Data section ▸
....

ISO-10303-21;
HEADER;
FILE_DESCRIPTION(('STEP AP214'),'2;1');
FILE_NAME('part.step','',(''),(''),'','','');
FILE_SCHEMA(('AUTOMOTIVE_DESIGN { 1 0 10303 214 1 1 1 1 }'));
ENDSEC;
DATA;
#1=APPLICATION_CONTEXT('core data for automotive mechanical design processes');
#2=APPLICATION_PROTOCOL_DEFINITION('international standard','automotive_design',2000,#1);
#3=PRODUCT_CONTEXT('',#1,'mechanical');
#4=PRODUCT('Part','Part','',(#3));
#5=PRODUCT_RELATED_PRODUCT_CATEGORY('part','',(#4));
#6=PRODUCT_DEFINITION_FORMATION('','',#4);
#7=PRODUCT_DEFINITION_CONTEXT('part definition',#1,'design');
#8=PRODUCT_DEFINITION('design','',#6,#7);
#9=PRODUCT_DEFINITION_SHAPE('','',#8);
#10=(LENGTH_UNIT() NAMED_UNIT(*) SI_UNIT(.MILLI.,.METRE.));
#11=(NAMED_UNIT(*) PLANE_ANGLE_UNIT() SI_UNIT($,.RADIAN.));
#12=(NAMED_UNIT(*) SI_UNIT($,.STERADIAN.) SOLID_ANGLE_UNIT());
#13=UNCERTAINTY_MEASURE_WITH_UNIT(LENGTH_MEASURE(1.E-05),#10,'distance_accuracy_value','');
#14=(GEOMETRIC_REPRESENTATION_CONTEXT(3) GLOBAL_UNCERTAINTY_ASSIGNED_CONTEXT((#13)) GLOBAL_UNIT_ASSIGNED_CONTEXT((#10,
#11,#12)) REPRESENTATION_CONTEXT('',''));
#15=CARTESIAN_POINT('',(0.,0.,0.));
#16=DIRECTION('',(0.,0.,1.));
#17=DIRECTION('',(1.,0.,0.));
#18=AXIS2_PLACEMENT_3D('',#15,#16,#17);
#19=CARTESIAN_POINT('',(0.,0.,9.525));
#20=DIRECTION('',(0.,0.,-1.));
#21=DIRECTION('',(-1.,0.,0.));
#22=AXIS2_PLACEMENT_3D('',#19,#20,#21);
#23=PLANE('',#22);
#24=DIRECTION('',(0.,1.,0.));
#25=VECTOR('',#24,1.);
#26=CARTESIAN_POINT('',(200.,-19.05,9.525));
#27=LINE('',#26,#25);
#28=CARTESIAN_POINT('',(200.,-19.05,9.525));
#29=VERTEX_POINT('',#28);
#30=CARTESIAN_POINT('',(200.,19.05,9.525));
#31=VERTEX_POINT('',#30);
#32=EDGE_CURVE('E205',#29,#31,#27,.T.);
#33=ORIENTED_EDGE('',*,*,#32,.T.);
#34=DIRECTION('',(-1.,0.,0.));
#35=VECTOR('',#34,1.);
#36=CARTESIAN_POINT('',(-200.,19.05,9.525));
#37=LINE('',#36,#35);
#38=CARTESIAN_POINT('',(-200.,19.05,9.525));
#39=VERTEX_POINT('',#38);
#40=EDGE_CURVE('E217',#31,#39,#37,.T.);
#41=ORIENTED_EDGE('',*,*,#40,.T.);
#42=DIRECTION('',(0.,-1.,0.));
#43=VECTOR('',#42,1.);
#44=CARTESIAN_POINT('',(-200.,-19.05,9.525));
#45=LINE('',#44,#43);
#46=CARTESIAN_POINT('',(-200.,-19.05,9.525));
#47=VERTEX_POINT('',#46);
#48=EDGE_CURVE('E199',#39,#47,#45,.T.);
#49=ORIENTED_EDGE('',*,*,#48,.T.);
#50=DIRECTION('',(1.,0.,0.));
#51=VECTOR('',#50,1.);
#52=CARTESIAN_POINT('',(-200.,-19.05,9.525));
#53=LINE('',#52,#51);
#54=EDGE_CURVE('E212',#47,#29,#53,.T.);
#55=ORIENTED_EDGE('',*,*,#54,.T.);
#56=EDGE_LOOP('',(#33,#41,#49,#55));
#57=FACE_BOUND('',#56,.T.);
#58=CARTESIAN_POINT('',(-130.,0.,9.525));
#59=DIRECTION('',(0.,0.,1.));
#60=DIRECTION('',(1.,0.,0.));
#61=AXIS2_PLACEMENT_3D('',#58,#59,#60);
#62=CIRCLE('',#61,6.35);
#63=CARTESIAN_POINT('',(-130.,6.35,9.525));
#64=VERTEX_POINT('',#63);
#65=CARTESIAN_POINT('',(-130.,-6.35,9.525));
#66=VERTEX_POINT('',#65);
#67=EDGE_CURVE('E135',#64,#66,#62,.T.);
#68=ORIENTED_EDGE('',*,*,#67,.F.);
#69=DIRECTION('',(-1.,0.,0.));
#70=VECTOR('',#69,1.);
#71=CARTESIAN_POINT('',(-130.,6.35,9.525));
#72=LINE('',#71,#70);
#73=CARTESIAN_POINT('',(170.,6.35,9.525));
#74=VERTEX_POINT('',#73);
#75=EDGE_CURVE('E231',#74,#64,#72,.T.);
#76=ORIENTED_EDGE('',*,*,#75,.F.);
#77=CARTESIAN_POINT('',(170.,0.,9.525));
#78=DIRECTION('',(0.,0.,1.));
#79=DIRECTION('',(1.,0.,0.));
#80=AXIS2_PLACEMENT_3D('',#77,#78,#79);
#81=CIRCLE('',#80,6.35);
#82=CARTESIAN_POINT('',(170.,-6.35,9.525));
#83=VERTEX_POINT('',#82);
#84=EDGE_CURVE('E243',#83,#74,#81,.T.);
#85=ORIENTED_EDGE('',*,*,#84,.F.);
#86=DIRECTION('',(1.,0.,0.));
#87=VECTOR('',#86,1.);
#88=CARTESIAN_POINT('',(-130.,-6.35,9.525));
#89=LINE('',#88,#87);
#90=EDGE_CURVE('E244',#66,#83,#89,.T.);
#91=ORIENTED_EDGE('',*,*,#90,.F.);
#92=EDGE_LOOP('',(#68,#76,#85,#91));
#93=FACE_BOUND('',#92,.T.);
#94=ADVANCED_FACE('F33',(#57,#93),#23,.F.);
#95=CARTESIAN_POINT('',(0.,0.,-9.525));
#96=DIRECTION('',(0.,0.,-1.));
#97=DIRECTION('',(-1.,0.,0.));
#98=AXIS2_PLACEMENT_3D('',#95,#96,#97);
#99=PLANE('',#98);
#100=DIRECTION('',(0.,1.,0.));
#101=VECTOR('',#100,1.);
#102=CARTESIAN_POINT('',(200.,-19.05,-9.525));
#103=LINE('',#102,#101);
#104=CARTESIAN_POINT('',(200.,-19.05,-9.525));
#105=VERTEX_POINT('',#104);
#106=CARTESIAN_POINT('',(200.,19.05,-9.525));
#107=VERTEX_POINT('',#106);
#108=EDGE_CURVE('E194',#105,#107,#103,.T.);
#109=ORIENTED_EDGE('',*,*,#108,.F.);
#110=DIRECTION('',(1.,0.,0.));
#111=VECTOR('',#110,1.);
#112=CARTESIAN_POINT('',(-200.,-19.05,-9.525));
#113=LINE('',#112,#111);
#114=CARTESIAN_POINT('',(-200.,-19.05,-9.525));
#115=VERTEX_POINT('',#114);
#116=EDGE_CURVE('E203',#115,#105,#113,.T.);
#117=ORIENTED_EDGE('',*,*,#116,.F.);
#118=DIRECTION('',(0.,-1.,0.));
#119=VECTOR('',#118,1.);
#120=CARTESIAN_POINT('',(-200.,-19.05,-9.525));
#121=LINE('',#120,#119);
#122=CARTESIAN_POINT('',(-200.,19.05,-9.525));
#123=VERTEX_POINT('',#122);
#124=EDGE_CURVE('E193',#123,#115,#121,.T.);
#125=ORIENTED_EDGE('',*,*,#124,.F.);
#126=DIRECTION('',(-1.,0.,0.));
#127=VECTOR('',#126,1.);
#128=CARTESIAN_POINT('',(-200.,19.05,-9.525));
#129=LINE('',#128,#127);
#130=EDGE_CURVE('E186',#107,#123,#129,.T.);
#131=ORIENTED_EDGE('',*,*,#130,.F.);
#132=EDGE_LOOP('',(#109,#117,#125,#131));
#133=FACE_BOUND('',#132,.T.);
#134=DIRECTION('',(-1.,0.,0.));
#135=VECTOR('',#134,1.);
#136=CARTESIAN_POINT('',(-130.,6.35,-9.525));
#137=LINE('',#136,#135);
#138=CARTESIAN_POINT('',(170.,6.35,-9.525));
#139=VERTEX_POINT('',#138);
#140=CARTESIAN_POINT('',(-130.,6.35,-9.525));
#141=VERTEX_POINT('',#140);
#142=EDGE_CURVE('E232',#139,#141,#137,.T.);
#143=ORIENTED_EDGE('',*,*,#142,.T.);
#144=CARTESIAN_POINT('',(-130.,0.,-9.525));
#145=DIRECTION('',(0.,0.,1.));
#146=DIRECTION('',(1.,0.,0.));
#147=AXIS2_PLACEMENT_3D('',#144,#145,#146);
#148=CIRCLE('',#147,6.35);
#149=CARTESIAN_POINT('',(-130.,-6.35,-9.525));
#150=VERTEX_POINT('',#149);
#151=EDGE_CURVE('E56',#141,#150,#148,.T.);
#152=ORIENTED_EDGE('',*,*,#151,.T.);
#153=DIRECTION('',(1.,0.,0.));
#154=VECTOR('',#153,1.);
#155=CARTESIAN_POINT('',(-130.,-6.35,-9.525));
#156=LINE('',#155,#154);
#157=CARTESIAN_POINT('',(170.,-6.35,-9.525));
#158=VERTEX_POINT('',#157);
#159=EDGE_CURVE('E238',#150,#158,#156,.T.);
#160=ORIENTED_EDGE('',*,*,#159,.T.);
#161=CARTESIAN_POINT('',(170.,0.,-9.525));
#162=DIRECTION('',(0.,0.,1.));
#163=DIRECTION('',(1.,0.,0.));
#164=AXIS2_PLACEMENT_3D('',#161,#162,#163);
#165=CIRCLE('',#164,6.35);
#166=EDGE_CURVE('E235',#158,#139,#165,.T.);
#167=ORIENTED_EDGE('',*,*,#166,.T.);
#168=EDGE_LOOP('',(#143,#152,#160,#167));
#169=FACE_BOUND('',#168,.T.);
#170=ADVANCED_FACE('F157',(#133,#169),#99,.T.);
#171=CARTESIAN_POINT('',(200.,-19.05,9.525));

....

Problem details ▸ Starting with the line that holds "#36=CARTESIAN_POINT('',(-200.,19.05,9.525));" and ending with the line that holds "#105=VERTEX_POINT('',#104);", retype every line in the data above exactly, and nothing else.

Result of this exercise ▸
#36=CARTESIAN_POINT('',(-200.,19.05,9.525));
#37=LINE('',#36,#35);
#38=CARTESIAN_POINT('',(-200.,19.05,9.525));
#39=VERTEX_POINT('',#38);
#40=EDGE_CURVE('E217',#31,#39,#37,.T.);
#41=ORIENTED_EDGE('',*,*,#40,.T.);
#42=DIRECTION('',(0.,-1.,0.));
#43=VECTOR('',#42,1.);
#44=CARTESIAN_POINT('',(-200.,-19.05,9.525));
#45=LINE('',#44,#43);
#46=CARTESIAN_POINT('',(-200.,-19.05,9.525));
#47=VERTEX_POINT('',#46);
#48=EDGE_CURVE('E199',#39,#47,#45,.T.);
#49=ORIENTED_EDGE('',*,*,#48,.T.);
#50=DIRECTION('',(1.,0.,0.));
#51=VECTOR('',#50,1.);
#52=CARTESIAN_POINT('',(-200.,-19.05,9.525));
#53=LINE('',#52,#51);
#54=EDGE_CURVE('E212',#47,#29,#53,.T.);
#55=ORIENTED_EDGE('',*,*,#54,.T.);
#56=EDGE_LOOP('',(#33,#41,#49,#55));
#57=FACE_BOUND('',#56,.T.);
#58=CARTESIAN_POINT('',(-130.,0.,9.525));
#59=DIRECTION('',(0.,0.,1.));
#60=DIRECTION('',(1.,0.,0.));
#61=AXIS2_PLACEMENT_3D('',#58,#59,#60);
#62=CIRCLE('',#61,6.35);
#63=CARTESIAN_POINT('',(-130.,6.35,9.525));
#64=VERTEX_POINT('',#63);
#65=CARTESIAN_POINT('',(-130.,-6.35,9.525));
#66=VERTEX_POINT('',#65);
#67=EDGE_CURVE('E135',#64,#66,#62,.T.);
#68=ORIENTED_EDGE('',*,*,#67,.F.);
#69=DIRECTION('',(-1.,0.,0.));
#70=VECTOR('',#69,1.);
#71=CARTESIAN_POINT('',(-130.,6.35,9.525));
#72=LINE('',#71,#70);
#73=CARTESIAN_POINT('',(170.,6.35,9.525));
#74=VERTEX_POINT('',#73);
#75=EDGE_CURVE('E231',#74,#64,#72,.T.);
#76=ORIENTED_EDGE('',*,*,#75,.F.);
#77=CARTESIAN_POINT('',(170.,0.,9.525));
#78=DIRECTION('',(0.,0.,1.));
#79=DIRECTION('',(1.,0.,0.));
#80=AXIS2_PLACEMENT_3D('',#77,#78,#79);
#81=CIRCLE('',#80,6.35);
#82=CARTESIAN_POINT('',(170.,-6.35,9.525));
#83=VERTEX_POINT('',#82);
#84=EDGE_CURVE('E243',#83,#74,#81,.T.);
#85=ORIENTED_EDGE('',*,*,#84,.F.);
#86=DIRECTION('',(1.,0.,0.));
#87=VECTOR('',#86,1.);
#88=CARTESIAN_POINT('',(-130.,-6.35,9.525));
#89=LINE('',#88,#87);
#90=EDGE_CURVE('E244',#66,#83,#89,.T.);
#91=ORIENTED_EDGE('',*,*,#90,.F.);
#92=EDGE_LOOP('',(#68,#76,#85,#91));
#93=FACE_BOUND('',#92,.T.);
#94=ADVANCED_FACE('F33',(#57,#93),#23,.F.);
#95=CARTESIAN_POINT('',(0.,0.,-9.525));
#96=DIRECTION('',(0.,0.,-1.));
#97=DIRECTION('',(-1.,0.,0.));
#98=AXIS2_PLACEMENT_3D('',#95,#96,#97);
#99=PLANE('',#98);
#100=DIRECTION('',(0.,1.,0.));
#101=VECTOR('',#100,1.);
#102=CARTESIAN_POINT('',(200.,-19.05,-9.525));
#103=LINE('',#102,#101);
#104=CARTESIAN_POINT('',(200.,-19.05,-9.525));
#105=VERTEX_POINT('',#104);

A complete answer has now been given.